» **GIVEN RECORDS**:
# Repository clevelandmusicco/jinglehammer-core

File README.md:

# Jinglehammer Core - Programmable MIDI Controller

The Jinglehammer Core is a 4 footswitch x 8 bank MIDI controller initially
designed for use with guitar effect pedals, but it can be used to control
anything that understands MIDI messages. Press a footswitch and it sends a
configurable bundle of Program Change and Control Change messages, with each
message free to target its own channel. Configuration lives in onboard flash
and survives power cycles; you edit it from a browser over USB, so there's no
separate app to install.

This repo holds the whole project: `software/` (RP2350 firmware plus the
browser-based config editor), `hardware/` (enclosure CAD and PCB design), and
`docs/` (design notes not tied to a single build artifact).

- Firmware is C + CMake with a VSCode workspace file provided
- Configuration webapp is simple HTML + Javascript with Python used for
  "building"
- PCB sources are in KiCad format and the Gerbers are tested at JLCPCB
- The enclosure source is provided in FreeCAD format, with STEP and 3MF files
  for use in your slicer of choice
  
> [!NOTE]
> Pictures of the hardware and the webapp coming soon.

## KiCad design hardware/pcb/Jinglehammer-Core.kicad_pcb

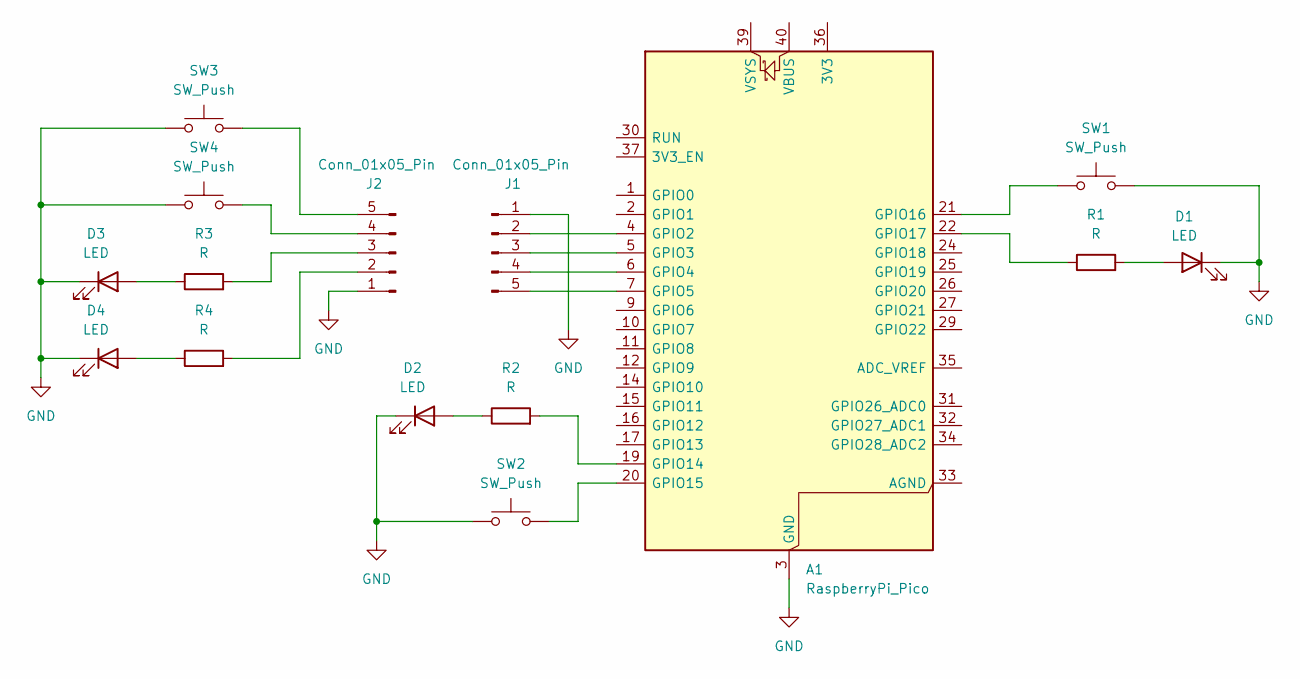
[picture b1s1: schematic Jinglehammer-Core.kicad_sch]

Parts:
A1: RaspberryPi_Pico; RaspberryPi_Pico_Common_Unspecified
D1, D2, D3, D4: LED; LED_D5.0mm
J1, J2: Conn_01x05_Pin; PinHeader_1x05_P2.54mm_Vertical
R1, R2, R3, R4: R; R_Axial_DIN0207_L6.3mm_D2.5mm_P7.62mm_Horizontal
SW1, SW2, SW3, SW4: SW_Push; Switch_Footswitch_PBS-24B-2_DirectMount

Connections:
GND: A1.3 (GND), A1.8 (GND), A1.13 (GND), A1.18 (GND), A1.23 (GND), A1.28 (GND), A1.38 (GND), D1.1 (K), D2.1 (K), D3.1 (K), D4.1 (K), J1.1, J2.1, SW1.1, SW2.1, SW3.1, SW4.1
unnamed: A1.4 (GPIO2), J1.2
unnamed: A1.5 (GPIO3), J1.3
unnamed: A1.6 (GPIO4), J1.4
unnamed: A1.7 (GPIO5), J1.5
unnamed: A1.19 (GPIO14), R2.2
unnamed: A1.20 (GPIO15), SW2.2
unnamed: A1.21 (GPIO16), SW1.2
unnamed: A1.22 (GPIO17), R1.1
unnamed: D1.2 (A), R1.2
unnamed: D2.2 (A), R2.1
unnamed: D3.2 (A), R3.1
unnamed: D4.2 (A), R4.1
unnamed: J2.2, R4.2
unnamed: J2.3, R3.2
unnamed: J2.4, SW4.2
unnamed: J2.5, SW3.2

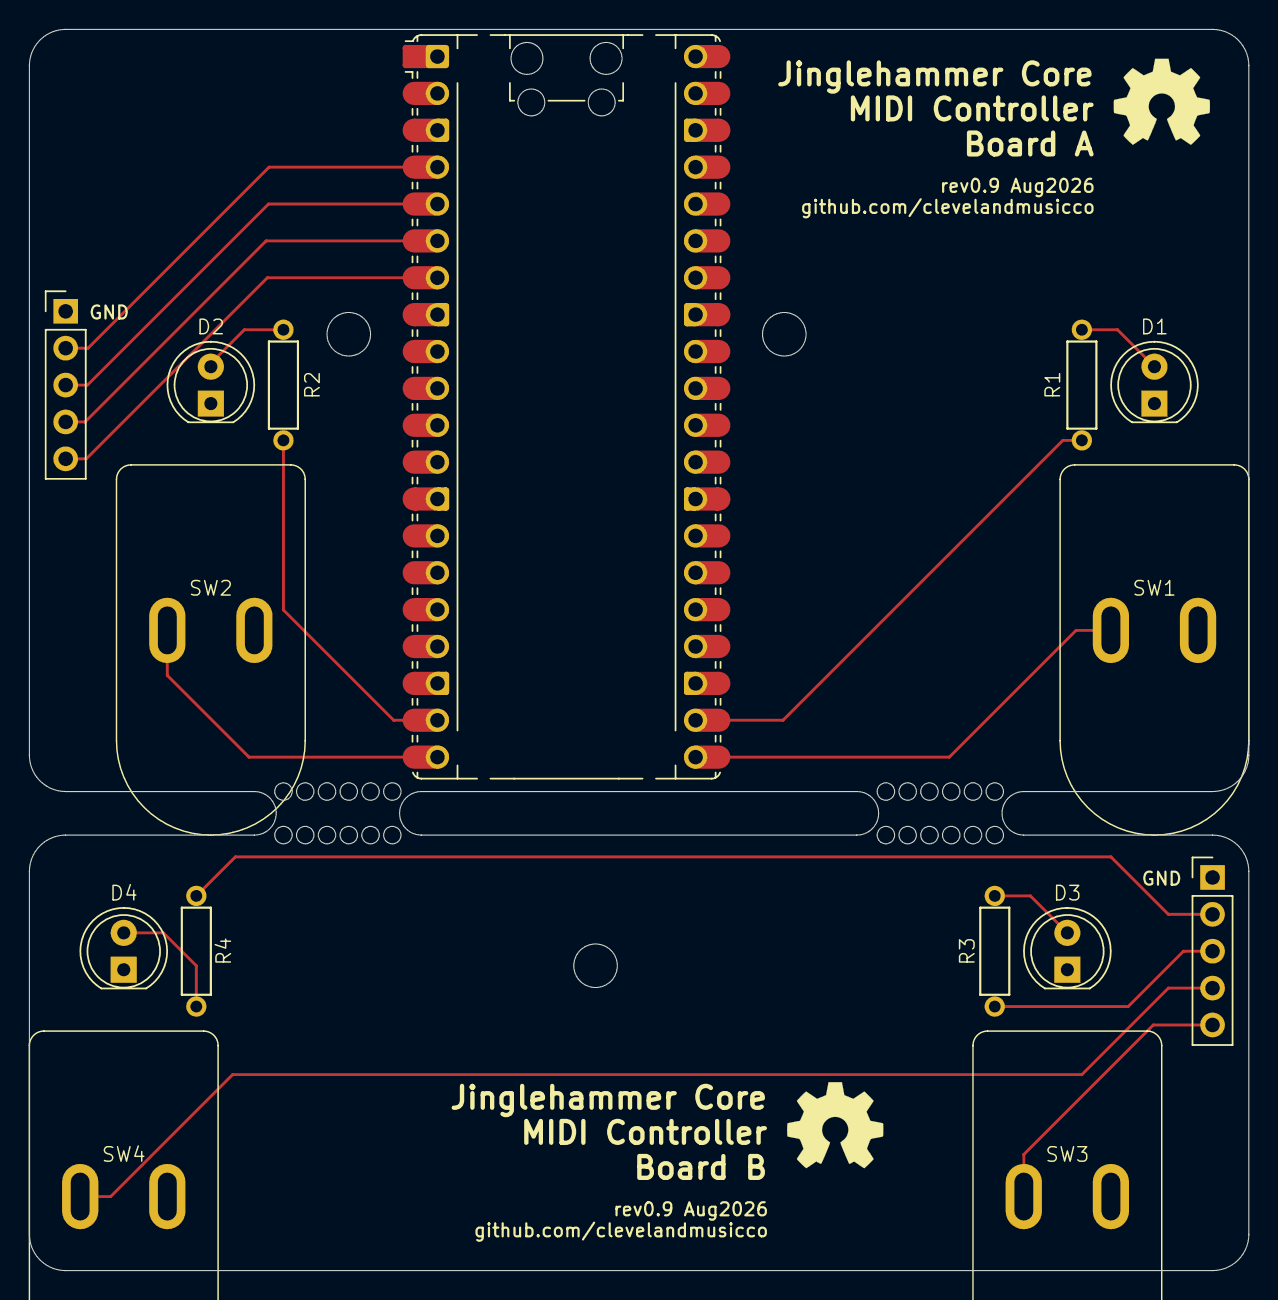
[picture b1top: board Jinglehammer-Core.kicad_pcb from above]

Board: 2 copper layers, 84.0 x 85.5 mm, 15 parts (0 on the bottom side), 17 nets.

» **WORK TO COMPLETE**:
Print only the lines from the opening line of the listing to the line containing "[picture b1s1: schematic", inclusive, exactly as they appear and without pictures.

» **WRITTEN REPLY**:
# Repository clevelandmusicco/jinglehammer-core

File README.md:

# Jinglehammer Core - Programmable MIDI Controller

The Jinglehammer Core is a 4 footswitch x 8 bank MIDI controller initially
designed for use with guitar effect pedals, but it can be used to control
anything that understands MIDI messages. Press a footswitch and it sends a
configurable bundle of Program Change and Control Change messages, with each
message free to target its own channel. Configuration lives in onboard flash
and survives power cycles; you edit it from a browser over USB, so there's no
separate app to install.

This repo holds the whole project: `software/` (RP2350 firmware plus the
browser-based config editor), `hardware/` (enclosure CAD and PCB design), and
`docs/` (design notes not tied to a single build artifact).

- Firmware is C + CMake with a VSCode workspace file provided
- Configuration webapp is simple HTML + Javascript with Python used for
  "building"
- PCB sources are in KiCad format and the Gerbers are tested at JLCPCB
- The enclosure source is provided in FreeCAD format, with STEP and 3MF files
  for use in your slicer of choice
  
> [!NOTE]
> Pictures of the hardware and the webapp coming soon.

## KiCad design hardware/pcb/Jinglehammer-Core.kicad_pcb

[picture b1s1: schematic Jinglehammer-Core.kicad_sch]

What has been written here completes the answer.